The initial incoming weights for hidden:0 are larger but nearly identical (0.432 and 0.449). Combined with its negative bias (-0.277), hidden:0's activations vary a bit more but mostly linearly as a function of the number of active input lines (0.431 for zero, 0.543 and 0.539 for one, 0.647 for two). The same is true after 30 epochs of training (0.408, 0.508 and 0.504, 0.604). In back-propagation, ∂E/wij = ∂E/nj ai. But note that the sum of ai for hidden:0 in the target=0 cases almost exactly equals the sum in the target=1 cases. This means that the positive derivatives for the target=0 cases almost exactly cancel the negative derivatives for the target=1 cases, and the output weight doesn't change. Moreover, the output (and input) derivative of hidden:0 will be nearly zero, and so its incoming weights also won't change.

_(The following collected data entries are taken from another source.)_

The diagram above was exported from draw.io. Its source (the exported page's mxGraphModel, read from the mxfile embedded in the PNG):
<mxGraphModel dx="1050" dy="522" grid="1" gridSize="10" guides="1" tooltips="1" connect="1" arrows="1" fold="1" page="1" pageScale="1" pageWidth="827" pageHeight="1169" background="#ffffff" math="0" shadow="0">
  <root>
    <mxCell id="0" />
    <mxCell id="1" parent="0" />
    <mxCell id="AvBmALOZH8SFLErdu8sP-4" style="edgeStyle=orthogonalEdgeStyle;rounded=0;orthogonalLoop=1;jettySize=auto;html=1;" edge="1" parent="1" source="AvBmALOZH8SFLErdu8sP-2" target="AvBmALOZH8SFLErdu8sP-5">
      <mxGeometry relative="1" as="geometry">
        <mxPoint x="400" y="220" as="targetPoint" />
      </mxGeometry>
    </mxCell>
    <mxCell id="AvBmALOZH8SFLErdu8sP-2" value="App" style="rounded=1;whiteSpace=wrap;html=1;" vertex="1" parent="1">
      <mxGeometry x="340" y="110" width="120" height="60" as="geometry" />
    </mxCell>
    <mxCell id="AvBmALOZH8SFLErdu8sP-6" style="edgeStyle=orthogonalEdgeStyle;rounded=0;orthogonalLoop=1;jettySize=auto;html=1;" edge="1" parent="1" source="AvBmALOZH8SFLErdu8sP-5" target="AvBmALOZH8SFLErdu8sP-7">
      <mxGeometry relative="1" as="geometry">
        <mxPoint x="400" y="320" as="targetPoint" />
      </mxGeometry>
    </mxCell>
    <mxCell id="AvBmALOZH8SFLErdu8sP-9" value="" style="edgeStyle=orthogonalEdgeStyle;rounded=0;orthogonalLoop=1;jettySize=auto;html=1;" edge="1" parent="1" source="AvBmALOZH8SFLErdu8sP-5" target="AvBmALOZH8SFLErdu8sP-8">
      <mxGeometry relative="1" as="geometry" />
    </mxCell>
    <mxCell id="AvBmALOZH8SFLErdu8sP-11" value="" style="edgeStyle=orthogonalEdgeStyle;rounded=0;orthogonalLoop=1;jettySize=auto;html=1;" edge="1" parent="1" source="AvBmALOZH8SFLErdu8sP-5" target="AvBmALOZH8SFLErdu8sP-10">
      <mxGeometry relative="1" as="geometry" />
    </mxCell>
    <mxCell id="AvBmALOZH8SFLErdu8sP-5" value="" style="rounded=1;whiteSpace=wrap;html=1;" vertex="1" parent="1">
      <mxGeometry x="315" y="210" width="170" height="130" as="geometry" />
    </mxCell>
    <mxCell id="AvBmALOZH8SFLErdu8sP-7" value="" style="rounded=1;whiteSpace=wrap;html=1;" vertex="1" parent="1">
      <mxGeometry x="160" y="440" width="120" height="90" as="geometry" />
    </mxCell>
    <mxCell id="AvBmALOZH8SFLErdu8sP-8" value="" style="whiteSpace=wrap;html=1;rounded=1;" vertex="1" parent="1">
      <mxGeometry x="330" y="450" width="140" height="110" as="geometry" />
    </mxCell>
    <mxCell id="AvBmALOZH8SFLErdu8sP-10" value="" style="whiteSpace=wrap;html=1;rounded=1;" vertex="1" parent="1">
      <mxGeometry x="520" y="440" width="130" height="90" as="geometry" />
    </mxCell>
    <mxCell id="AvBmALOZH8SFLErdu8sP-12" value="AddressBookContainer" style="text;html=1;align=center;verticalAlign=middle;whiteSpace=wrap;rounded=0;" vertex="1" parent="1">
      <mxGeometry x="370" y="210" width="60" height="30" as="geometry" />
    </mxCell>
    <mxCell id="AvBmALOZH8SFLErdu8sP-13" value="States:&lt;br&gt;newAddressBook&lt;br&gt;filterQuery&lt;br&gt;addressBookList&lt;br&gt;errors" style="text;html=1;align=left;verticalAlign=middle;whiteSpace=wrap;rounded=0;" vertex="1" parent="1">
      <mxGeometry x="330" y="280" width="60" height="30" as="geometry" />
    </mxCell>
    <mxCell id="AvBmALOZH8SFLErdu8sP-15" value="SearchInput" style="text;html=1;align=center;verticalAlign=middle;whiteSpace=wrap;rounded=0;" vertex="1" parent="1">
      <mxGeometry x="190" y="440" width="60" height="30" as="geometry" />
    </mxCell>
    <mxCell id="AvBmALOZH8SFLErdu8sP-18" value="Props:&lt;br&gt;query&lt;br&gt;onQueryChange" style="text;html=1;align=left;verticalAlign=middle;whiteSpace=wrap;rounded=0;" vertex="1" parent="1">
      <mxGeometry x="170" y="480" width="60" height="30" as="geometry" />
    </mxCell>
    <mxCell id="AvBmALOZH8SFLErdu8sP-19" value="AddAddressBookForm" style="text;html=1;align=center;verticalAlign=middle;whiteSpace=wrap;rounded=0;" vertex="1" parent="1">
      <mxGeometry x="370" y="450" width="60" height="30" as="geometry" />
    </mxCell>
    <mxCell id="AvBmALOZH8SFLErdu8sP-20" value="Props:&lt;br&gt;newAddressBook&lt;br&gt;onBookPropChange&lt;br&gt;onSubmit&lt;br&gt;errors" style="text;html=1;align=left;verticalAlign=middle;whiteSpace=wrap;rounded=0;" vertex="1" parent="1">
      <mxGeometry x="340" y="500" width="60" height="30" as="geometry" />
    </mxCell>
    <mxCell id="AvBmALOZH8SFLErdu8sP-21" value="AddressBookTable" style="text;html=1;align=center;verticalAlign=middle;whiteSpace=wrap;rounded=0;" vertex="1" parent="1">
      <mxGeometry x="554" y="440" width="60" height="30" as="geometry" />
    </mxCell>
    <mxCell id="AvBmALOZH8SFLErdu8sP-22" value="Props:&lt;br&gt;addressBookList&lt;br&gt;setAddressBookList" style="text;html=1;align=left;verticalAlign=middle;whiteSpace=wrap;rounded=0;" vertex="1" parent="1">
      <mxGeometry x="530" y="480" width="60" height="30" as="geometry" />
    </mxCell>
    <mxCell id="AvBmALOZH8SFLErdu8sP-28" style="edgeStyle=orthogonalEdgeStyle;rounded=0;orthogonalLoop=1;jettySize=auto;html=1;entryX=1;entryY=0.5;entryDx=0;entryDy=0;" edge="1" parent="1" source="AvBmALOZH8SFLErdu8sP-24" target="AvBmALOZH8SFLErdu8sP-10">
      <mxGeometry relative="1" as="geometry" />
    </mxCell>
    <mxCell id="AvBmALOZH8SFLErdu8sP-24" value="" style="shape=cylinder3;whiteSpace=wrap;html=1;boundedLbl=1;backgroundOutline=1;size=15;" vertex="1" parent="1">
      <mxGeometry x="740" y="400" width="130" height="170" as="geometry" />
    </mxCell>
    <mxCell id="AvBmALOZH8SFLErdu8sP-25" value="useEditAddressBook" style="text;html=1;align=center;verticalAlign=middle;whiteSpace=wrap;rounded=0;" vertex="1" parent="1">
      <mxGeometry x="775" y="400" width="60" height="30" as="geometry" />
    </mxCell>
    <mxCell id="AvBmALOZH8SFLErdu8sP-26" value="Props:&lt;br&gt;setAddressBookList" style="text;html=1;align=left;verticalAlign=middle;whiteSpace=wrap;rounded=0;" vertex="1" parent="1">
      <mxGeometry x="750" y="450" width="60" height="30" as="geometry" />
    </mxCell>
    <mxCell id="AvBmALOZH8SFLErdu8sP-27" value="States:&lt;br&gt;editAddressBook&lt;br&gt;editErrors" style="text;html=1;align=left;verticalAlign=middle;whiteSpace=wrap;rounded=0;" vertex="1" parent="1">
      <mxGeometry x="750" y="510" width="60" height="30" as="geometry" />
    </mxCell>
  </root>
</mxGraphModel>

So basically we're stuck until very tiny weight changes accumulate enough to differentiate some of cases, and this is why the plateau lasts a very long time.

[As expected, this was very difficult and only a few people gave good answers.]

 

2. Implementing Another Feedforward Problem [60 points]

As was the case for the second half of Homework 2, we can't give specific feedback as people chose different problems. In general, we were looking for you to carry out a similar exploration to what you did in Homework 2, but with some sensitivity to the particular characteristics of your problem. As always, we wanted you not only to describe the successes, difficulties, and failures of your network, but also try to explain them in terms of the underlying operation of the network (e.g., sensitivity to the consistency of the outputs produced by training patterns that are similar to a given test pattern).